HOW TO COMPLETE THIS TASK >>
Set the data down exactly as it stands, and keep its pictures out.

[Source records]
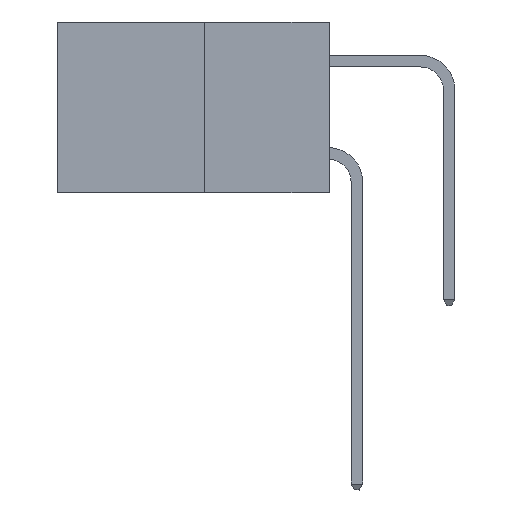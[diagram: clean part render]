
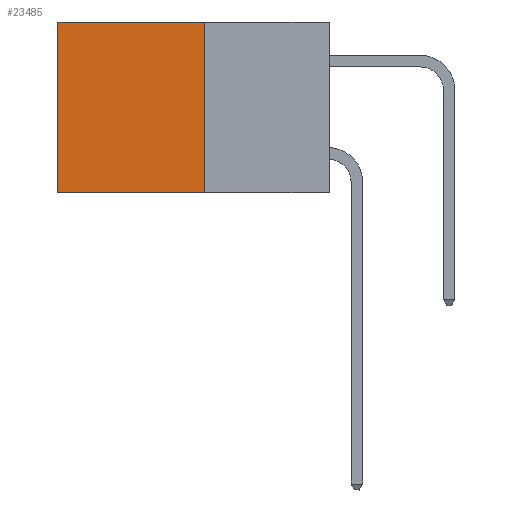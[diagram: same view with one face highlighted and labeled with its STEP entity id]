
A CAD part, left-side view. The second image highlights one B-rep face of the part: STEP entity #23485.
In plain terms, the highlighted planar face has unit normal (-1, 0, 0).
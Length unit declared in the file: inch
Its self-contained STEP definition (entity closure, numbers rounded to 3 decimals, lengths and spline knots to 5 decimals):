
#21 = VERTEX_POINT ( 'NONE', #9180 ) ;
#95 = CARTESIAN_POINT ( 'NONE',  ( 0.277, 0.59, -0.37 ) ) ;
#184 = DIRECTION ( 'NONE',  ( 0., 0., -1. ) ) ;
#408 = EDGE_CURVE ( 'NONE', #17097, #28744, #7307, .T. ) ;
#2374 = ORIENTED_EDGE ( 'NONE', *, *, #14370, .F. ) ;
#4704 = DIRECTION ( 'NONE',  ( 1., 0., 0. ) ) ;
#4939 = CARTESIAN_POINT ( 'NONE',  ( 0.277, 0.27, 0. ) ) ;
#7307 = LINE ( 'NONE', #4939, #19206 ) ;
#7698 = CARTESIAN_POINT ( 'NONE',  ( 0.277, 0.27, 0. ) ) ;
#9180 = CARTESIAN_POINT ( 'NONE',  ( 0.277, 0.27, -0.37 ) ) ;
#10155 = EDGE_CURVE ( 'NONE', #28744, #12590, #19097, .T. ) ;
#10243 = EDGE_CURVE ( 'NONE', #17097, #21, #30176, .T. ) ;
#11746 = PLANE ( 'NONE',  #30656 ) ;
#12590 = VERTEX_POINT ( 'NONE', #18397 ) ;
#12776 = VECTOR ( 'NONE', #184, 39.37008 ) ;
#13172 = ORIENTED_EDGE ( 'NONE', *, *, #408, .T. ) ;
#13354 = ORIENTED_EDGE ( 'NONE', *, *, #10243, .F. ) ;
#14370 = EDGE_CURVE ( 'NONE', #21, #12590, #23022, .T. ) ;
#15509 = DIRECTION ( 'NONE',  ( 0., 1., 0. ) ) ;
#17097 = VERTEX_POINT ( 'NONE', #7698 ) ;
#17644 = VECTOR ( 'NONE', #21733, 39.37008 ) ;
#18397 = CARTESIAN_POINT ( 'NONE',  ( 0.277, 0.59, -0.37 ) ) ;
#18953 = CARTESIAN_POINT ( 'NONE',  ( 0.277, 0.27, -0.37 ) ) ;
#19097 = LINE ( 'NONE', #95, #12776 ) ;
#19206 = VECTOR ( 'NONE', #28227, 39.37008 ) ;
#21304 = DIRECTION ( 'NONE',  ( 0., 0., -1. ) ) ;
#21733 = DIRECTION ( 'NONE',  ( 0., 0., -1. ) ) ;
#22422 = ORIENTED_EDGE ( 'NONE', *, *, #10155, .T. ) ;
#23022 = LINE ( 'NONE', #29662, #30057 ) ;
#23200 = FACE_OUTER_BOUND ( 'NONE', #30246, .T. ) ;
#23485 = ADVANCED_FACE ( 'NONE', ( #23200 ), #11746, .F. ) ;
#26134 = CARTESIAN_POINT ( 'NONE',  ( 0.277, 0.59, 0. ) ) ;
#28227 = DIRECTION ( 'NONE',  ( 0., 1., 0. ) ) ;
#28744 = VERTEX_POINT ( 'NONE', #26134 ) ;
#28873 = CARTESIAN_POINT ( 'NONE',  ( 0.277, 0.27, -0.37 ) ) ;
#29662 = CARTESIAN_POINT ( 'NONE',  ( 0.277, 0.27, -0.37 ) ) ;
#30057 = VECTOR ( 'NONE', #15509, 39.37008 ) ;
#30176 = LINE ( 'NONE', #28873, #17644 ) ;
#30246 = EDGE_LOOP ( 'NONE', ( #22422, #2374, #13354, #13172 ) ) ;
#30656 = AXIS2_PLACEMENT_3D ( 'NONE', #18953, #4704, #21304 ) ;

RESULT >>
[diagram: clean part render]
[diagram: same view with one face highlighted and labeled with its STEP entity id]
A CAD part, left-side view. The second image highlights one B-rep face of the part: STEP entity #23485.
In plain terms, the highlighted planar face has unit normal (-1, 0, 0).
Length unit declared in the file: inch
Its self-contained STEP definition (entity closure, numbers rounded to 3 decimals, lengths and spline knots to 5 decimals):
#21 = VERTEX_POINT ( 'NONE', #9180 ) ;
#95 = CARTESIAN_POINT ( 'NONE',  ( 0.277, 0.59, -0.37 ) ) ;
#184 = DIRECTION ( 'NONE',  ( 0., 0., -1. ) ) ;
#408 = EDGE_CURVE ( 'NONE', #17097, #28744, #7307, .T. ) ;
#2374 = ORIENTED_EDGE ( 'NONE', *, *, #14370, .F. ) ;
#4704 = DIRECTION ( 'NONE',  ( 1., 0., 0. ) ) ;
#4939 = CARTESIAN_POINT ( 'NONE',  ( 0.277, 0.27, 0. ) ) ;
#7307 = LINE ( 'NONE', #4939, #19206 ) ;
#7698 = CARTESIAN_POINT ( 'NONE',  ( 0.277, 0.27, 0. ) ) ;
#9180 = CARTESIAN_POINT ( 'NONE',  ( 0.277, 0.27, -0.37 ) ) ;
#10155 = EDGE_CURVE ( 'NONE', #28744, #12590, #19097, .T. ) ;
#10243 = EDGE_CURVE ( 'NONE', #17097, #21, #30176, .T. ) ;
#11746 = PLANE ( 'NONE',  #30656 ) ;
#12590 = VERTEX_POINT ( 'NONE', #18397 ) ;
#12776 = VECTOR ( 'NONE', #184, 39.37008 ) ;
#13172 = ORIENTED_EDGE ( 'NONE', *, *, #408, .T. ) ;
#13354 = ORIENTED_EDGE ( 'NONE', *, *, #10243, .F. ) ;
#14370 = EDGE_CURVE ( 'NONE', #21, #12590, #23022, .T. ) ;
#15509 = DIRECTION ( 'NONE',  ( 0., 1., 0. ) ) ;
#17097 = VERTEX_POINT ( 'NONE', #7698 ) ;
#17644 = VECTOR ( 'NONE', #21733, 39.37008 ) ;
#18397 = CARTESIAN_POINT ( 'NONE',  ( 0.277, 0.59, -0.37 ) ) ;
#18953 = CARTESIAN_POINT ( 'NONE',  ( 0.277, 0.27, -0.37 ) ) ;
#19097 = LINE ( 'NONE', #95, #12776 ) ;
#19206 = VECTOR ( 'NONE', #28227, 39.37008 ) ;
#21304 = DIRECTION ( 'NONE',  ( 0., 0., -1. ) ) ;
#21733 = DIRECTION ( 'NONE',  ( 0., 0., -1. ) ) ;
#22422 = ORIENTED_EDGE ( 'NONE', *, *, #10155, .T. ) ;
#23022 = LINE ( 'NONE', #29662, #30057 ) ;
#23200 = FACE_OUTER_BOUND ( 'NONE', #30246, .T. ) ;
#23485 = ADVANCED_FACE ( 'NONE', ( #23200 ), #11746, .F. ) ;
#26134 = CARTESIAN_POINT ( 'NONE',  ( 0.277, 0.59, 0. ) ) ;
#28227 = DIRECTION ( 'NONE',  ( 0., 1., 0. ) ) ;
#28744 = VERTEX_POINT ( 'NONE', #26134 ) ;
#28873 = CARTESIAN_POINT ( 'NONE',  ( 0.277, 0.27, -0.37 ) ) ;
#29662 = CARTESIAN_POINT ( 'NONE',  ( 0.277, 0.27, -0.37 ) ) ;
#30057 = VECTOR ( 'NONE', #15509, 39.37008 ) ;
#30176 = LINE ( 'NONE', #28873, #17644 ) ;
#30246 = EDGE_LOOP ( 'NONE', ( #22422, #2374, #13354, #13172 ) ) ;
#30656 = AXIS2_PLACEMENT_3D ( 'NONE', #18953, #4704, #21304 ) ;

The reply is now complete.